◆ **AIM OF THE EXERCISE**
Omit every picture, and retype the lines that run from the beginning of the data below through the line containing "for name, color, linetype", inclusive.

◆ **DATA TO EXAMINE**
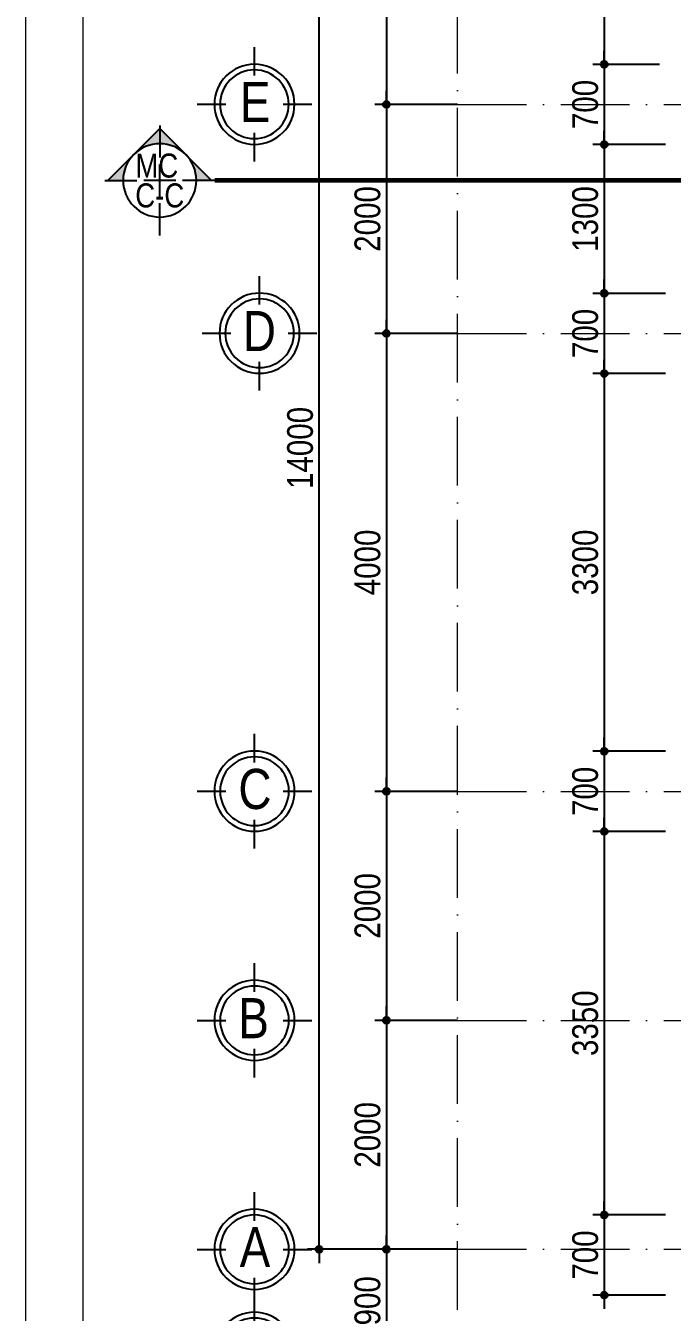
# Model space of a CAD drawing. Extents: x -1107188 to -523840, y 39692 to 514392.
# Drawn here: x -1107188 to -1101544, y 495802 to 507040 of the extents above; entities that cross this region are included whole.
import ezdxf
from ezdxf.enums import TextEntityAlignment as Align

# ---------------------------------------------------------------- set-up
doc = ezdxf.new("R2010")
doc.units = 0
doc.linetypes.add('ACAD_ISO10W100', pattern=[18, 12, -3, 0, -3])
doc.linetypes.add('DASHED2', pattern=[0.375, 0.25, -0.125])
doc.layers.get('0').update_dxf_attribs({"color": 255, "linetype": 'CONTINUOUS'})
doc.layers.get('DEFPOINTS').update_dxf_attribs({"linetype": 'CONTINUOUS'})
doc.layers.add('00-KICH THUOC', color=6, linetype='CONTINUOUS', lineweight=9)
doc.layers.add('TRUC', color=24, linetype='CONTINUOUS', lineweight=0)
for name, color, linetype in [('daucat', 220, 'CONTINUOUS'), ('DIM', 1, 'CONTINUOUS'), ('KYHIEU', 3, 'CONTINUOUS'), ('TAGS', 60, 'CONTINUOUS')]:
    doc.layers.add(name, color=color, linetype=linetype)
doc.styles.add('HEL-CONDENSE', font='')
doc.styles.add('SO BV', font='', dxfattribs={"height": 200})
doc.styles.add('TEN BV', font='', dxfattribs={"height": 350})
doc.styles.add('VNI-HELVE-CONDENSE', font='')
doc.styles.add('VNI-HELVE-CONDENSEN', font='')
doc.styles.get('HEL-CONDENSE').set_extended_font_data('VNI-Helve-Condense')
doc.styles.get('SO BV').set_extended_font_data('VNI-Helve-Condense')
doc.styles.get('TEN BV').set_extended_font_data('VNI-Helve-Condense', bold=True)
doc.styles.get('VNI-HELVE-CONDENSE').set_extended_font_data('VNI-Helve-Condense')
doc.styles.get('VNI-HELVE-CONDENSEN').set_extended_font_data('VNI-Helve-Condense')
doc.dimstyles.new('D100', dxfattribs={"dimtxt": 225, "dimasz": 1.2, "dimexe": 100, "dimexo": 0, "dimgap": 50, "dimtad": 1, "dimdec": 0, "dimzin": 13, "dimdsep": 46, "dimtxsty": 'HEL-CONDENSE', "dimblk": 'D50', "dimcen": 0, "dimclrd": 1, "dimclre": 1, "dimclrt": 7, "dimadec": 0, "dimazin": 0, "dimtfac": 1, "dimtdec": 0, "dimtmove": 0, "dimatfit": 3, "dimldrblk": 'D50', "dimfxl": 1, "dimtolj": 1, "dimtzin": 13, "dimarcsym": 0})

# ---------------------------------------------------------------- blocks, each defined once
blk = doc.blocks.new('D50')
at = {"layer": 'DIM'}
blk.add_hatch(color=256, dxfattribs=at).paths.add_polyline_path([(25, 0, 1), (-25, 0, 1)])
blk.add_line((25, 0), (100, 0), dxfattribs=at)
blk.add_circle((0, 0), 25, dxfattribs=at)
blk = doc.blocks.new('*D83')
at = {"layer": 'DEFPOINTS', "color": 0, "transparency": 16777216}
for p in [(-1103418, 510352), (-1104039, 506352), (-1103418, 506352)]:
    blk.add_point(p, dxfattribs=at)
at = {"layer": 'DIM', "color": 1, "lineweight": -2, "transparency": 16777216}
for p, q in [((-1103418, 510352), (-1104139, 510352)), ((-1104039, 510351), (-1104039, 506353)), ((-1103418, 506352), (-1104139, 506352))]:
    blk.add_line(p, q, dxfattribs=at)
at = {"layer": 'DIM', "color": 1, "lineweight": -2, "transparency": 16777216, "xscale": 1.199999999999999, "yscale": 1.199999999999999, "zscale": 1.199999999999999}
for p, rotation in [((-1104039, 510352), 90), ((-1104039, 506352), 270)]:
    blk.add_blockref('D50', p, dxfattribs=dict(at, rotation=rotation))
at = {"layer": 'DIM', "color": 7, "transparency": 16777216, "insert": (-1104204, 508352), "char_height": 225, "attachment_point": 5, "rotation": 90, "style": 'HEL-CONDENSE'}
blk.add_mtext('\\A1;4000', dxfattribs=at)
blk = doc.blocks.new('*D84')
at = {"layer": 'DEFPOINTS', "color": 0, "transparency": 16777216}
for p in [(-1103418, 506352), (-1104039, 504352), (-1103418, 504352)]:
    blk.add_point(p, dxfattribs=at)
at = {"layer": 'DIM', "color": 1, "lineweight": -2, "transparency": 16777216}
for p, q in [((-1103418, 506352), (-1104139, 506352)), ((-1104039, 506351), (-1104039, 504353)), ((-1103418, 504352), (-1104139, 504352))]:
    blk.add_line(p, q, dxfattribs=at)
at = {"layer": 'DIM', "color": 1, "lineweight": -2, "transparency": 16777216, "xscale": 1.199999999999999, "yscale": 1.199999999999999, "zscale": 1.199999999999999}
for p, rotation in [((-1104039, 506352), 90), ((-1104039, 504352), 270)]:
    blk.add_blockref('D50', p, dxfattribs=dict(at, rotation=rotation))
at = {"layer": 'DIM', "color": 7, "transparency": 16777216, "insert": (-1104204, 505352), "char_height": 225, "attachment_point": 5, "rotation": 90, "style": 'HEL-CONDENSE'}
blk.add_mtext('\\A1;2000', dxfattribs=at)
blk = doc.blocks.new('*D85')
at = {"layer": 'DEFPOINTS', "color": 0, "transparency": 16777216}
for p in [(-1103418, 504352), (-1104039, 500352), (-1103418, 500352)]:
    blk.add_point(p, dxfattribs=at)
at = {"layer": 'DIM', "color": 1, "lineweight": -2, "transparency": 16777216}
for p, q in [((-1103418, 504352), (-1104139, 504352)), ((-1104039, 504351), (-1104039, 500353)), ((-1103418, 500352), (-1104139, 500352))]:
    blk.add_line(p, q, dxfattribs=at)
at = {"layer": 'DIM', "color": 1, "lineweight": -2, "transparency": 16777216, "xscale": 1.199999999999999, "yscale": 1.199999999999999, "zscale": 1.199999999999999}
for p, rotation in [((-1104039, 504352), 90), ((-1104039, 500352), 270)]:
    blk.add_blockref('D50', p, dxfattribs=dict(at, rotation=rotation))
at = {"layer": 'DIM', "color": 7, "transparency": 16777216, "insert": (-1104204, 502352), "char_height": 225, "attachment_point": 5, "rotation": 90, "style": 'HEL-CONDENSE'}
blk.add_mtext('\\A1;4000', dxfattribs=at)
blk = doc.blocks.new('*D86')
at = {"layer": 'DEFPOINTS', "color": 0, "transparency": 16777216}
for p in [(-1103418, 500352), (-1104039, 498352), (-1103418, 498352)]:
    blk.add_point(p, dxfattribs=at)
at = {"layer": 'DIM', "color": 1, "lineweight": -2, "transparency": 16777216}
for p, q in [((-1103418, 500352), (-1104139, 500352)), ((-1104039, 500351), (-1104039, 498353)), ((-1103418, 498352), (-1104139, 498352))]:
    blk.add_line(p, q, dxfattribs=at)
at = {"layer": 'DIM', "color": 1, "lineweight": -2, "transparency": 16777216, "xscale": 1.199999999999999, "yscale": 1.199999999999999, "zscale": 1.199999999999999}
for p, rotation in [((-1104039, 500352), 90), ((-1104039, 498352), 270)]:
    blk.add_blockref('D50', p, dxfattribs=dict(at, rotation=rotation))
at = {"layer": 'DIM', "color": 7, "transparency": 16777216, "insert": (-1104204, 499352), "char_height": 225, "attachment_point": 5, "rotation": 90, "style": 'HEL-CONDENSE'}
blk.add_mtext('\\A1;2000', dxfattribs=at)
blk = doc.blocks.new('*D87')
at = {"layer": 'DEFPOINTS', "color": 0, "transparency": 16777216}
for p in [(-1104627, 510352), (-1103418, 510352), (-1103418, 496352)]:
    blk.add_point(p, dxfattribs=at)
at = {"layer": 'DIM', "color": 1, "lineweight": -2, "transparency": 16777216}
for p, q in [((-1103418, 510352), (-1104727, 510352)), ((-1104627, 496353), (-1104627, 510351)), ((-1103418, 496352), (-1104727, 496352))]:
    blk.add_line(p, q, dxfattribs=at)
at = {"layer": 'DIM', "color": 1, "lineweight": -2, "transparency": 16777216, "xscale": 1.199999999999999, "yscale": 1.199999999999999, "zscale": 1.199999999999999}
for p, rotation in [((-1104627, 510352), 90), ((-1104627, 496352), 270)]:
    blk.add_blockref('D50', p, dxfattribs=dict(at, rotation=rotation))
at = {"layer": 'DIM', "color": 7, "transparency": 16777216, "insert": (-1104792, 503352), "char_height": 225, "attachment_point": 5, "rotation": 90, "style": 'HEL-CONDENSE'}
blk.add_mtext('\\A1;14000', dxfattribs=at)
blk = doc.blocks.new('A$C206177D3')
at = {"layer": 'TAGS', "ltscale": 1000}
for p, q in [((-37, 240), (-37, 490)), ((-287, -10), (-537, -10)), ((463, -10), (213, -10)), ((-37, -510), (-37, -260))]:
    blk.add_line(p, q, dxfattribs=at)
blk.add_circle((-37, -10), 350, dxfattribs=at)
at = {"layer": 'TAGS', "color": 254, "ltscale": 1000}
blk.add_circle((-37, -10), 300, dxfattribs=at)
at = {"layer": 'TAGS', "ltscale": 1000, "style": 'VNI-HELVE-CONDENSEN'}
blk.add_attdef('A', text='', height=350, dxfattribs=at).set_placement((-38, -166), align=Align.CENTER)
blk = doc.blocks.new('*D88')
at = {"layer": 'DEFPOINTS', "color": 0, "transparency": 16777216}
for p in [(-1103418, 498352), (-1104039, 496352), (-1103418, 496352)]:
    blk.add_point(p, dxfattribs=at)
at = {"layer": 'DIM', "color": 1, "lineweight": -2, "transparency": 16777216}
for p, q in [((-1103418, 498352), (-1104139, 498352)), ((-1104039, 498351), (-1104039, 496353)), ((-1103418, 496352), (-1104139, 496352))]:
    blk.add_line(p, q, dxfattribs=at)
at = {"layer": 'DIM', "color": 1, "lineweight": -2, "transparency": 16777216, "xscale": 1.199999999999999, "yscale": 1.199999999999999, "zscale": 1.199999999999999}
for p, rotation in [((-1104039, 498352), 90), ((-1104039, 496352), 270)]:
    blk.add_blockref('D50', p, dxfattribs=dict(at, rotation=rotation))
at = {"layer": 'DIM', "color": 7, "transparency": 16777216, "insert": (-1104204, 497352), "char_height": 225, "attachment_point": 5, "rotation": 90, "style": 'HEL-CONDENSE'}
blk.add_mtext('\\A1;2000', dxfattribs=at)
blk = doc.blocks.new('*D89')
at = {"layer": 'DEFPOINTS', "color": 0, "transparency": 16777216}
for p in [(-1103418, 496352), (-1104039, 495452), (-1103418, 495452)]:
    blk.add_point(p, dxfattribs=at)
at = {"layer": 'DIM', "color": 1, "lineweight": -2, "transparency": 16777216}
for p, q in [((-1103418, 496352), (-1104139, 496352)), ((-1104039, 496351), (-1104039, 495453)), ((-1103418, 495452), (-1104139, 495452))]:
    blk.add_line(p, q, dxfattribs=at)
at = {"layer": 'DIM', "color": 1, "lineweight": -2, "transparency": 16777216, "xscale": 1.199999999999999, "yscale": 1.199999999999999, "zscale": 1.199999999999999}
for p, rotation in [((-1104039, 496352), 90), ((-1104039, 495452), 270)]:
    blk.add_blockref('D50', p, dxfattribs=dict(at, rotation=rotation))
at = {"layer": 'DIM', "color": 7, "transparency": 16777216, "insert": (-1104204, 495902), "char_height": 225, "attachment_point": 5, "rotation": 90, "style": 'HEL-CONDENSE'}
blk.add_mtext('\\A1;900', dxfattribs=at)
blk = doc.blocks.new('mc2')
at = {"layer": 'KYHIEU', "ltscale": 0.7}
h = blk.add_hatch(color=256, dxfattribs=at)
h.paths.add_polyline_path([(600, 400), (600, 566), (317, 283, -0.198912)])
h.paths.add_polyline_path([(200, 0, -0.198912), (317, 283), (34, 0)])
h.paths.add_polyline_path([(317, -283, -0.198912), (200, 0), (34, 0)])
h.paths.add_polyline_path([(600, -566), (600, -400, -0.198912), (317, -283)])
for p, q in [((600, 566), (34, 0)), ((600, 600), (600, 250)), ((600, -175), (600, 175)), ((0, 0), (350, 0)), ((600, -566), (34, 0)), ((775, 0), (425, 0)), ((1200, 0), (850, 0)), ((600, -600), (600, -250))]:
    blk.add_line(p, q, dxfattribs=at)
blk.add_circle((600, 0), 400, dxfattribs=at)
at = {"style": 'VNI-HELVE-CONDENSE'}
for height, p in [(300, (612, 182)), (225, (609, -187))]:
    blk.add_attdef('A', text='', height=height, dxfattribs=at).set_placement(p, align=Align.MIDDLE_CENTER)
blk = doc.blocks.new('*D148')
at = {"layer": 'DEFPOINTS', "color": 0, "transparency": 16777216}
for p in [(-1101646, 510002), (-1102138, 506702), (-1101656, 506702)]:
    blk.add_point(p, dxfattribs=at)
at = {"layer": 'DIM', "color": 1, "lineweight": -2, "transparency": 16777216}
for p, q in [((-1101646, 510002), (-1102238, 510002)), ((-1102138, 510001), (-1102138, 506703)), ((-1101656, 506702), (-1102238, 506702))]:
    blk.add_line(p, q, dxfattribs=at)
at = {"layer": 'DIM', "color": 1, "lineweight": -2, "transparency": 16777216, "xscale": 1.199999999999999, "yscale": 1.199999999999999, "zscale": 1.199999999999999}
for p, rotation in [((-1102138, 510002), 90), ((-1102138, 506702), 270)]:
    blk.add_blockref('D50', p, dxfattribs=dict(at, rotation=rotation))
at = {"layer": 'DIM', "color": 7, "transparency": 16777216, "insert": (-1102303, 508352), "char_height": 225, "attachment_point": 5, "rotation": 90, "style": 'HEL-CONDENSE'}
blk.add_mtext('\\A1;3300', dxfattribs=at)
blk = doc.blocks.new('*D149')
at = {"layer": 'DEFPOINTS', "color": 0, "transparency": 16777216}
for p in [(-1101656, 506702), (-1102138, 506002), (-1101604, 506002)]:
    blk.add_point(p, dxfattribs=at)
at = {"layer": 'DIM', "color": 1, "lineweight": -2, "transparency": 16777216}
for p, q in [((-1101656, 506702), (-1102238, 506702)), ((-1102138, 506701), (-1102138, 506003)), ((-1101604, 506002), (-1102238, 506002))]:
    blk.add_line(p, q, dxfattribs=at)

◆ **WRITTEN RESPONSE**
# Model space of a CAD drawing. Extents: x -1107188 to -523840, y 39692 to 514392.
# Drawn here: x -1107188 to -1101544, y 495802 to 507040 of the extents above; entities that cross this region are included whole.
import ezdxf
from ezdxf.enums import TextEntityAlignment as Align

# ---------------------------------------------------------------- set-up
doc = ezdxf.new("R2010")
doc.units = 0
doc.linetypes.add('ACAD_ISO10W100', pattern=[18, 12, -3, 0, -3])
doc.linetypes.add('DASHED2', pattern=[0.375, 0.25, -0.125])
doc.layers.get('0').update_dxf_attribs({"color": 255, "linetype": 'CONTINUOUS'})
doc.layers.get('DEFPOINTS').update_dxf_attribs({"linetype": 'CONTINUOUS'})
doc.layers.add('00-KICH THUOC', color=6, linetype='CONTINUOUS', lineweight=9)
doc.layers.add('TRUC', color=24, linetype='CONTINUOUS', lineweight=0)
for name, color, linetype in [('daucat', 220, 'CONTINUOUS'), ('DIM', 1, 'CONTINUOUS'), ('KYHIEU', 3, 'CONTINUOUS'), ('TAGS', 60, 'CONTINUOUS')]:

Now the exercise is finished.